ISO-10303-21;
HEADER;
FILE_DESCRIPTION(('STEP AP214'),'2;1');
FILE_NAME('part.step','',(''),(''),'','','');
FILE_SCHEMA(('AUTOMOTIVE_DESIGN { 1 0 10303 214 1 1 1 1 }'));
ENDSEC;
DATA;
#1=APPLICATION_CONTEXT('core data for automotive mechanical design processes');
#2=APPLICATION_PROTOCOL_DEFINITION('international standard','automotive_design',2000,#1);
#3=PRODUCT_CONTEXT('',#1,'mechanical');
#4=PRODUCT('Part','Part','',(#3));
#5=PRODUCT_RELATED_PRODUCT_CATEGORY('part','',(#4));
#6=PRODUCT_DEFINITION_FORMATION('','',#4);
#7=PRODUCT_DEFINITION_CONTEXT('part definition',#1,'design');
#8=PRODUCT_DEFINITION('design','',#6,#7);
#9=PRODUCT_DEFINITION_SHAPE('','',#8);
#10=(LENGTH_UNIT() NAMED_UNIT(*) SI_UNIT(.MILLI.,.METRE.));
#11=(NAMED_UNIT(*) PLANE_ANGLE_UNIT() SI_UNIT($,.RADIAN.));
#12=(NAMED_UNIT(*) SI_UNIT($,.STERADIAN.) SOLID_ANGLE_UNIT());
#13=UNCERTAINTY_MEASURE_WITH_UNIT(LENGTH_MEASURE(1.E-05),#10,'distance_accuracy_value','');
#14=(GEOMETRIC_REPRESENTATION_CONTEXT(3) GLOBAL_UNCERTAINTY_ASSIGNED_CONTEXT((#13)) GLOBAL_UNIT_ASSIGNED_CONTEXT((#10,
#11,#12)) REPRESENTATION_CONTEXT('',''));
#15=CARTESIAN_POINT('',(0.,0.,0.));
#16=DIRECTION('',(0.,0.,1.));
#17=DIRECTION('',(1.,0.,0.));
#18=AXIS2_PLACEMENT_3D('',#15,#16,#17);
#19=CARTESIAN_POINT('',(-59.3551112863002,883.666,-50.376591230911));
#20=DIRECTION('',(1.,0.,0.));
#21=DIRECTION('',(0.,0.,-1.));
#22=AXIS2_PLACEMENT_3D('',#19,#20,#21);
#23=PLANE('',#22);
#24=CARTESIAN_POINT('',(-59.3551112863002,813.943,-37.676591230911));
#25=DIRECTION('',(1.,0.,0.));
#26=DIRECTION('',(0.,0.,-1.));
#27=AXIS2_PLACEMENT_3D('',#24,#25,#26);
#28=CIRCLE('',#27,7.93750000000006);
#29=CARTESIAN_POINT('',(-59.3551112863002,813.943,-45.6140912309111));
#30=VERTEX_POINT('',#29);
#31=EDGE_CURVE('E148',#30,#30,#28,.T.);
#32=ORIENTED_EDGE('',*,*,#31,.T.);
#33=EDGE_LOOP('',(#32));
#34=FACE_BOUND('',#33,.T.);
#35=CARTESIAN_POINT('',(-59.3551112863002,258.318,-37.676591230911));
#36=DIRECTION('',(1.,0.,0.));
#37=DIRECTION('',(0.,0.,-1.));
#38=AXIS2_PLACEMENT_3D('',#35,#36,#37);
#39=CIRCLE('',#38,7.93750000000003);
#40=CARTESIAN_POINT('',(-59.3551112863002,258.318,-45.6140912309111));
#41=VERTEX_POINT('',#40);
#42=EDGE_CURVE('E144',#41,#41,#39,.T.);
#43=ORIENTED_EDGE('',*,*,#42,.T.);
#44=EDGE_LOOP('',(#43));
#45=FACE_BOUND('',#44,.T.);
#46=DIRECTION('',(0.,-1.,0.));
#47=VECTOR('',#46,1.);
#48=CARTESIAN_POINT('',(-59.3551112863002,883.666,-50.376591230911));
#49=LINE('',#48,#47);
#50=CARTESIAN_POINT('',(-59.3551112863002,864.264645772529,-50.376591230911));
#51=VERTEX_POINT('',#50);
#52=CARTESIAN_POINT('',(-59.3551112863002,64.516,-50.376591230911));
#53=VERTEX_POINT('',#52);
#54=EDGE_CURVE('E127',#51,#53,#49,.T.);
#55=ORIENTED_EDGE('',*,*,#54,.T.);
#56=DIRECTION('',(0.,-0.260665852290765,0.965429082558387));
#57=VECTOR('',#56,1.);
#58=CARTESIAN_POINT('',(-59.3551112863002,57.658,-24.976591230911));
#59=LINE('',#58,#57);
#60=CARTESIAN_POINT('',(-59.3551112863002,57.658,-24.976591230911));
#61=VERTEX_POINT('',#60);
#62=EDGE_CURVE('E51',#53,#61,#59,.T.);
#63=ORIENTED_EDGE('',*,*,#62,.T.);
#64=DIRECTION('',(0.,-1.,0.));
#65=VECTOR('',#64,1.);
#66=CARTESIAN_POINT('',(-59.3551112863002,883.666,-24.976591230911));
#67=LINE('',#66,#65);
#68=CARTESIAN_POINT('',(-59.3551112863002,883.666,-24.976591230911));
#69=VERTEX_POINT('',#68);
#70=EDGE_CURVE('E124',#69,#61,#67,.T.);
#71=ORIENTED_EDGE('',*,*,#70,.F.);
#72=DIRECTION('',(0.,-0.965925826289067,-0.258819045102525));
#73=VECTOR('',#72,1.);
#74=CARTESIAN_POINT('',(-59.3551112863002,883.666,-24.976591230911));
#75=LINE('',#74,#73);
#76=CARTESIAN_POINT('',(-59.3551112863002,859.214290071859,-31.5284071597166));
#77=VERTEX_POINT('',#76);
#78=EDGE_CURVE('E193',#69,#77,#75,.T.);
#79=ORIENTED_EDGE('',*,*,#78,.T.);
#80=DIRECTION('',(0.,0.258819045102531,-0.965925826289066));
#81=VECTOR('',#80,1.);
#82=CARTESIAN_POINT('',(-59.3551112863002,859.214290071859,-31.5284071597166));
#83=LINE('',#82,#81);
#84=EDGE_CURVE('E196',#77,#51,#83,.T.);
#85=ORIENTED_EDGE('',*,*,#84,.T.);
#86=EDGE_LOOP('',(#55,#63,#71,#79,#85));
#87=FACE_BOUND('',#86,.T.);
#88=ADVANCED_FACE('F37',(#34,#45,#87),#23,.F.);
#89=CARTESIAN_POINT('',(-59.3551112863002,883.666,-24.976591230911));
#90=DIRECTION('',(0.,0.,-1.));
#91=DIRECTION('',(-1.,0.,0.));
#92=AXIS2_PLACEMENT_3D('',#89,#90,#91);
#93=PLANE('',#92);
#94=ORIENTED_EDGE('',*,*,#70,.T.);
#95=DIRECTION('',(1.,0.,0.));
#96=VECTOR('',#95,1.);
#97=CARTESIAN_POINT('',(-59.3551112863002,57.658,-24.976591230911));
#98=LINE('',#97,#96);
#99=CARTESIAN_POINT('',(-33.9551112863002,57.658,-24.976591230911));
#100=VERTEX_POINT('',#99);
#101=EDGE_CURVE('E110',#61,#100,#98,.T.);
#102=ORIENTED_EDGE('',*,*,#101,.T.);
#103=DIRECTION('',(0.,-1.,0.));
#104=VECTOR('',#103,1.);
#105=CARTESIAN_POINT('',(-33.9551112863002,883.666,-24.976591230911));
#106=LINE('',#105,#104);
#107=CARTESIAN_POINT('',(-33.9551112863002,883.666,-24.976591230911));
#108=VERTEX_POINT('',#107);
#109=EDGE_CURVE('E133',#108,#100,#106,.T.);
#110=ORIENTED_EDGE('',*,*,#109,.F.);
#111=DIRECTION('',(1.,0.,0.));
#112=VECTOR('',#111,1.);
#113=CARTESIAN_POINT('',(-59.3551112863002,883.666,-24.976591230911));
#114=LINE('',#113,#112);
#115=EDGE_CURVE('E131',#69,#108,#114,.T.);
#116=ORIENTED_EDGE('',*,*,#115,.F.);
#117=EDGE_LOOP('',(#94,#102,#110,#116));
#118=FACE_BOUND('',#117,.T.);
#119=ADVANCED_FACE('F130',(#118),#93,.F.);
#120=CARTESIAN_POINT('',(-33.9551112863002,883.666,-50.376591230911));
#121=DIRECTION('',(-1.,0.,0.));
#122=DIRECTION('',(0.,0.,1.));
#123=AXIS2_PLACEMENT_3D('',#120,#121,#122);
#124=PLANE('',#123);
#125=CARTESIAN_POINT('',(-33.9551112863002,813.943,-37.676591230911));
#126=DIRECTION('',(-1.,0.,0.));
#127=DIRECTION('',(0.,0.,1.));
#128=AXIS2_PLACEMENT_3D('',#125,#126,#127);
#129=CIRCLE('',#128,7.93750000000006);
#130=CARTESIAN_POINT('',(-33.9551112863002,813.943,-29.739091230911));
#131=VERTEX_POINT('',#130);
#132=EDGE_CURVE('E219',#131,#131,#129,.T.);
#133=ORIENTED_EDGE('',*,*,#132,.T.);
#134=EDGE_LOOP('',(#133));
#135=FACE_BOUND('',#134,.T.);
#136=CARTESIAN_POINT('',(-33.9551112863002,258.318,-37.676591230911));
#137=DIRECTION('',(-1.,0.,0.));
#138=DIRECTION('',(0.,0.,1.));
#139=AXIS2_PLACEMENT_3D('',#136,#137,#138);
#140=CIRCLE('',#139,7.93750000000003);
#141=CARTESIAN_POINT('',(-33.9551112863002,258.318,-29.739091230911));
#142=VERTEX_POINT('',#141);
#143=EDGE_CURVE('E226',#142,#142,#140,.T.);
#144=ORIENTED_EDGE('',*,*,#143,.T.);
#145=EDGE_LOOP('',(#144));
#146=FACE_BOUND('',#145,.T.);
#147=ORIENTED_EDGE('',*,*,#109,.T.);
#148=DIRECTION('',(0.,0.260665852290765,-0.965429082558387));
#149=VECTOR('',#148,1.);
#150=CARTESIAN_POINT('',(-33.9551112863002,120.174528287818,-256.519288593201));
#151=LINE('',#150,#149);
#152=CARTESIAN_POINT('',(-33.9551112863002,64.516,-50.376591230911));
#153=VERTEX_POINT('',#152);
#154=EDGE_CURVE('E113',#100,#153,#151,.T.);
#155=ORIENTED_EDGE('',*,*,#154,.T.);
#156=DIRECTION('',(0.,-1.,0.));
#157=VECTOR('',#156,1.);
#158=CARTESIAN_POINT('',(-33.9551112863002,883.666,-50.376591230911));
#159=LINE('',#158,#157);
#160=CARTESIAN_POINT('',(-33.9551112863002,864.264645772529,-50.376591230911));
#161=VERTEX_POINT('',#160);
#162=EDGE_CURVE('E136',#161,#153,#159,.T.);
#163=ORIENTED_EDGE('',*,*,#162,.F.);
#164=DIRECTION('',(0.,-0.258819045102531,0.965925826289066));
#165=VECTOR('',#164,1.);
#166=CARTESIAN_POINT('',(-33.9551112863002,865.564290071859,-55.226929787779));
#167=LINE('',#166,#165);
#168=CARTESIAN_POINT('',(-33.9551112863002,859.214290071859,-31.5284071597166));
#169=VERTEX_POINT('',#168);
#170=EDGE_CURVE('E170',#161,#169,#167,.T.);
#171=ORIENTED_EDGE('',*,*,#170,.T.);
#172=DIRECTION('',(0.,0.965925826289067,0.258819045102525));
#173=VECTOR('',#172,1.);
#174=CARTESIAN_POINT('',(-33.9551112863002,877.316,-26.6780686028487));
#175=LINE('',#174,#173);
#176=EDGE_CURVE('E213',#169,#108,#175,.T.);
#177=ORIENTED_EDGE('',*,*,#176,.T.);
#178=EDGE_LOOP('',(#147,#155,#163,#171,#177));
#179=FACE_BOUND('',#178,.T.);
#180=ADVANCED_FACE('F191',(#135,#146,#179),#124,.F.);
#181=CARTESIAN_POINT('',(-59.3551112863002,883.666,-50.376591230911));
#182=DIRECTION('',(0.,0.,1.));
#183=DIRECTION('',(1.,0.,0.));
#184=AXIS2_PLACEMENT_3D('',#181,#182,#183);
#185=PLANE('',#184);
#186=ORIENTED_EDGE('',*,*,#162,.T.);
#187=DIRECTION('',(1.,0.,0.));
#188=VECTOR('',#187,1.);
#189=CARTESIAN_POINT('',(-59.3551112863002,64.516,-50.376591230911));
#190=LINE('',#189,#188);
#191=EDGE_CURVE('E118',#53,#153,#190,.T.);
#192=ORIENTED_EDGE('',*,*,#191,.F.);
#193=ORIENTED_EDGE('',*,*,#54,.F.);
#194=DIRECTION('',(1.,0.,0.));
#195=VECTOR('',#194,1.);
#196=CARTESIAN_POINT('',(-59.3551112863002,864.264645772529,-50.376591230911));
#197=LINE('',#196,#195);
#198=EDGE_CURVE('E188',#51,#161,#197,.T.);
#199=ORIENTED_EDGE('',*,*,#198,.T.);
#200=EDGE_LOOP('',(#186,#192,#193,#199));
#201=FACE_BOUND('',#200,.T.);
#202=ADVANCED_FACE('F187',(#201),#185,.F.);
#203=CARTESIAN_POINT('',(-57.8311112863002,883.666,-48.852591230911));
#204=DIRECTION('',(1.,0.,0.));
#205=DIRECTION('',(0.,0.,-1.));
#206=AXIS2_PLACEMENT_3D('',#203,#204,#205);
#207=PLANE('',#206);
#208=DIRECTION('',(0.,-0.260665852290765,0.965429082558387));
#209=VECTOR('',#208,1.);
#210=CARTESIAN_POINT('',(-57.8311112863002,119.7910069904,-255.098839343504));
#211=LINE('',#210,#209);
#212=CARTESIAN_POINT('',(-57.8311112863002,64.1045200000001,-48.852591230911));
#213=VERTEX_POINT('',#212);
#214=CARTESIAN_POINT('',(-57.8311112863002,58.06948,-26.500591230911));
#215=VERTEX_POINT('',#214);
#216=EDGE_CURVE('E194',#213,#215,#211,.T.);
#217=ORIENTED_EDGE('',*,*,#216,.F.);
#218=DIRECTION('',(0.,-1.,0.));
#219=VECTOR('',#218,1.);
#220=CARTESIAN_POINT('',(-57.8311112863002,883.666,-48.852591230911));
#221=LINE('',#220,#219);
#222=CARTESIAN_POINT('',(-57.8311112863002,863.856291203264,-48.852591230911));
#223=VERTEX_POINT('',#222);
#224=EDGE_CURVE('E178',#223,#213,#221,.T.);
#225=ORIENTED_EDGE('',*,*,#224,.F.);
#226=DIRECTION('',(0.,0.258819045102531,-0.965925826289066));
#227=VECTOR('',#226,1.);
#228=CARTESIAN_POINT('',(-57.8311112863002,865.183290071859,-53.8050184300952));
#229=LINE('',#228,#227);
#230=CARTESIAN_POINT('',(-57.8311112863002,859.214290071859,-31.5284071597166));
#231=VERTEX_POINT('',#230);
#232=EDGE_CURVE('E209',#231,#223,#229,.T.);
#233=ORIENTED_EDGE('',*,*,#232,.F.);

########################################

TASK STATEMENT – Please retype the data exactly as it stands, from its first line down to the line that contains "#4=PRODUCT('Part','Part','',(#3));", then stop.

RESULT –
ISO-10303-21;
HEADER;
FILE_DESCRIPTION(('STEP AP214'),'2;1');
FILE_NAME('part.step','',(''),(''),'','','');
FILE_SCHEMA(('AUTOMOTIVE_DESIGN { 1 0 10303 214 1 1 1 1 }'));
ENDSEC;
DATA;
#1=APPLICATION_CONTEXT('core data for automotive mechanical design processes');
#2=APPLICATION_PROTOCOL_DEFINITION('international standard','automotive_design',2000,#1);
#3=PRODUCT_CONTEXT('',#1,'mechanical');
#4=PRODUCT('Part','Part','',(#3));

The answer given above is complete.